# under cabinet lighting



## jhcontracting (Jan 10, 2009)

I'm starting a search for good manufacturers of low voltage under cabinet lighting for the kitchen remodels we do. Don't want to get into the 12v style unless I'm tearing out the drywall on the walls. Can anyone suggest a few for me that have good options. 
And while I'm at it can anyone give me an idea of what type is the best to use when you aren't tearing out the drywall in the backsplash area. Or is 12v still the best to use. I looked at some previous posts, but most were from a few years ago. I'm sure products and styles have changed since then 
thanks,
JHC


----------



## Xtrememtnbiker (Jun 9, 2013)

LED strip lights are good. You run up from an outlet into the back of a cabinet for powering the transformer which is doable without messing up the backsplash area. Then you're running low voltage wire everywhere instead of having high voltage that must be in conduit.


----------



## Jaws (Dec 20, 2010)

For our new cabinets we use WAC low voltage pucks, we make a chase or false bottom on the bottom of the cabinets for them. 

For existing, LED strips are good. Not sure of the brand we use, ill look later.


----------



## rrk (Apr 22, 2012)

I use several different types from Outwater Plastics http://www.outwatercatalogs.com/lg_display.cfm/page/20/catalog/Master_Catalog_Vol_42

They have tons of different types, and have a whole catalog for lighting


----------



## Xtrememtnbiker (Jun 9, 2013)

Jaws said:


> For our new cabinets we use WAC low voltage pucks, we make a chase or false bottom on the bottom of the cabinets for them. For existing, LED strips are good. Not sure of the brand we use, ill look later.


I also didn't mean to imply you can't get low voltage non led lights. I was combining two thoughts, led lights (my preference) and the recommendation to use low voltage. 

Just curious why you wouldn't use led on new work as well. I don't like pucks since it's not a very even spread of light.


----------



## TLHWindows (Jan 5, 2012)

Not sure if this site wouldn't at least help: http://www.superbrightleds.com/


----------



## TxElectrician (May 21, 2008)

I use Kichler lighting mostly.

Xenon or LED


----------



## JBrzoz00 (Jan 11, 2011)

For cabinets with a "false bottom" I use the WAC led puck lights. 
The transformers generally fit in the "false bottom" pretty well. Eliminating the need to remotely mount them.

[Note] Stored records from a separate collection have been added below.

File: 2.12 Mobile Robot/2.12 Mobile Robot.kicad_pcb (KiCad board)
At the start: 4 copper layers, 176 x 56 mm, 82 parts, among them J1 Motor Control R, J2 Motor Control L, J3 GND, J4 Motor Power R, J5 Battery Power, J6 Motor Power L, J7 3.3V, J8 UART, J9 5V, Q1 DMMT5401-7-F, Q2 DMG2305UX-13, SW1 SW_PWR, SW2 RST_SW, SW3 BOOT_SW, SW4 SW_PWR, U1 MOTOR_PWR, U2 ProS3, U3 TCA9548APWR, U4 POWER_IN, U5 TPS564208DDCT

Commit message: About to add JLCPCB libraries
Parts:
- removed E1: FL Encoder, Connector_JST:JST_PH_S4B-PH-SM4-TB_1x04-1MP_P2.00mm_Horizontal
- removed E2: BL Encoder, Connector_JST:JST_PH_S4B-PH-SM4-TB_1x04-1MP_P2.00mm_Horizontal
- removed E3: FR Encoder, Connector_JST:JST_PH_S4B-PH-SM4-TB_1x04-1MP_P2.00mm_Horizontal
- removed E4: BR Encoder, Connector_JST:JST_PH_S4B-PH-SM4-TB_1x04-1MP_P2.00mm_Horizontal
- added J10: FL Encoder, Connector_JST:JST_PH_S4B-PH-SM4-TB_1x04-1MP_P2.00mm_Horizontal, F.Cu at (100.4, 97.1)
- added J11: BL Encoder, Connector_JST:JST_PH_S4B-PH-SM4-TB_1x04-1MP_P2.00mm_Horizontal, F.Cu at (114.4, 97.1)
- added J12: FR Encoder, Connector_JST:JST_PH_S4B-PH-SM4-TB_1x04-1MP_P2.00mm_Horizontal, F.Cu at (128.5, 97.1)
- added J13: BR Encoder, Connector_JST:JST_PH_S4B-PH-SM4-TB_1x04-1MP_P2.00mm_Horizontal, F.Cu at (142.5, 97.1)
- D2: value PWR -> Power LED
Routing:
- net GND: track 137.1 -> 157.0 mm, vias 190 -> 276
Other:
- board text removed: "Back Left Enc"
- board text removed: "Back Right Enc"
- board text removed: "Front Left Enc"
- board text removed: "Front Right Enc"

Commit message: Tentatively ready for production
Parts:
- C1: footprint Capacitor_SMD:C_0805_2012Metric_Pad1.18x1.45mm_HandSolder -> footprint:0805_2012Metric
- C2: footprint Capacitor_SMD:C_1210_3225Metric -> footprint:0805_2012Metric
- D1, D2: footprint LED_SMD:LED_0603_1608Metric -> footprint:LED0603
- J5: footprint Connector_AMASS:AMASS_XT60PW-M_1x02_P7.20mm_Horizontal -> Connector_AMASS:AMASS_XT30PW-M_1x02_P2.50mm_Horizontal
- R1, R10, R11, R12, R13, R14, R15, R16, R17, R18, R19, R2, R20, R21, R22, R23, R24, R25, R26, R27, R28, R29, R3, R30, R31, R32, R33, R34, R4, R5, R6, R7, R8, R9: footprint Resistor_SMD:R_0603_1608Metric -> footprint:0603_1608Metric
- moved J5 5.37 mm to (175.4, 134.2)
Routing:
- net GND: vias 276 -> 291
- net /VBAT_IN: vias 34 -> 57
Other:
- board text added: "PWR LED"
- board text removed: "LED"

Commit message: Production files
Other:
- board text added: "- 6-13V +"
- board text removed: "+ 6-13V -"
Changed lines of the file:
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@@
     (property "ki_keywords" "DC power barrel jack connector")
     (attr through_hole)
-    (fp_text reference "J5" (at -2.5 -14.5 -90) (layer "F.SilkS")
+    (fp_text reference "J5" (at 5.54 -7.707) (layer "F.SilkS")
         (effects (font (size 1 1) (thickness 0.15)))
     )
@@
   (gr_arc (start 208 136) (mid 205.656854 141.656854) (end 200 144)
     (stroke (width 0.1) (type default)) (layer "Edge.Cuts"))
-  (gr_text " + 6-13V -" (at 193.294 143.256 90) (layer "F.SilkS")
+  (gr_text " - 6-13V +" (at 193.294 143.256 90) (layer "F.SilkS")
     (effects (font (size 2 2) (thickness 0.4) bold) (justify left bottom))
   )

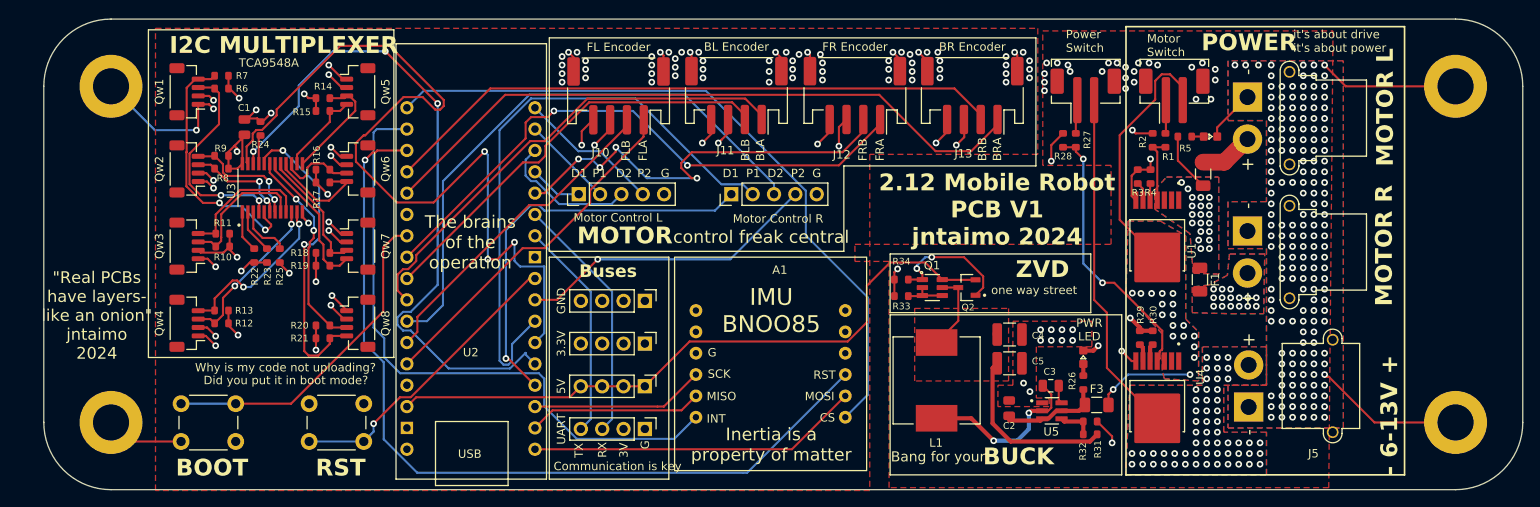
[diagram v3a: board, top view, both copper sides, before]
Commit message: Updated silkscreen to be generic
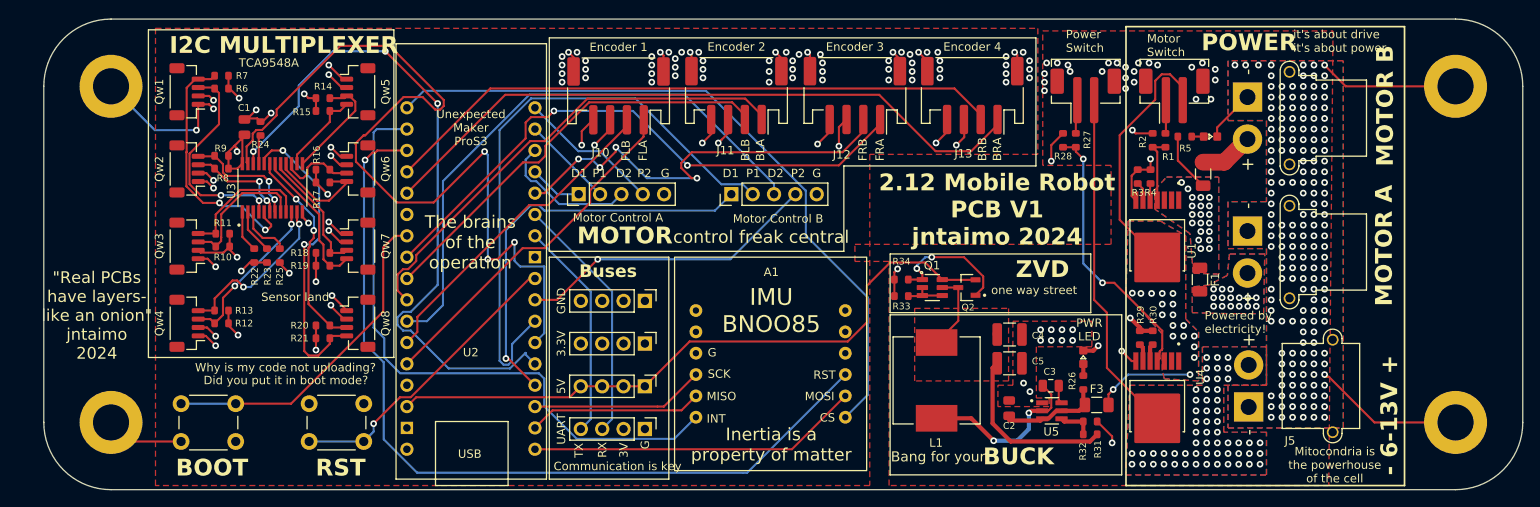
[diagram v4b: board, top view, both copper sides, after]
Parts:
- J1: value Motor Control R -> Motor Control B
- J10: value FL Encoder -> Encoder 1
- J11: value BL Encoder -> Encoder 2
- J12: value FR Encoder -> Encoder 3
- J13: value BR Encoder -> Encoder 4
- J2: value Motor Control L -> Motor Control A
- J4: value Motor Power R -> Motor Power A
- J6: value Motor Power L -> Motor Power B
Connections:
- net /DIR1_L renamed /DIR_1A
- net /DIR1_R renamed /DIR_1B
- net /DIR2_L renamed /DIR_2A
- net /DIR2_R renamed /DIR_2B
- net /HALL_BL_A renamed /HALL_2A
- net /HALL_BL_B renamed /HALL_2B
- net /HALL_BR_A renamed /HALL_4A
- net /HALL_BR_B renamed /HALL_4B
- net /HALL_FL_A renamed /HALL_1A
- net /HALL_FL_B renamed /HALL_1B
- net /HALL_FR_A renamed /HALL_3A
- net /HALL_FR_B renamed /HALL_3B
- net /L_MOTOR renamed /B_MOTOR
- net /PWM1_L renamed /PWM_1A
- net /PWM1_R renamed /PWM_1B
- net /PWM2_L renamed /PWM_2A
- net /PWM2_R renamed /PWM_2B
- net /R_MOTOR renamed /A_MOTOR
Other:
- board text added: "MOTOR A"
- board text added: "MOTOR B"
- board text added: "Mitocondria is the powerhouse of the cell"
- board text added: "Powered by electricity!"
- board text added: "Sensor land"
- board text added: "Unexpected Maker ProS3"
- board text removed: "MOTOR L"
- board text removed: "MOTOR R"

http://www.waclighting.com/product/2767

For non "false bottom" cabinets I like these. 
They are by far the easiest to install. 14-2 right into the back and the screws are already captive in the fixture to you don't need 3 or 4 hands to install them. 

http://www.junolightinggroup.com/attachments/images/content/SpecSheets/I1_1_7_1.pdf


----------



## sunkist (Apr 27, 2012)

we have been useing led strips from home crepo, both for under cabs and closets.


----------



## philcav7 (Jan 15, 2009)

Juno has the 120V products, but I usually use 12V. 

I pull power up to the top of the wall cabs and place the driver on top of the cabinets. If there's a soffit or they go to the ceiling, I put power in the cab above the range. Easy to run wires between the wall cabs. 

I used a peel & stick, cut to length led strip last week. Nice 3K light, easy to install, but not loving the peel & stick aspect.


----------



## Mr Knucklehead (May 31, 2014)

Fencer series FOIL under cabinet LED fixtures


----------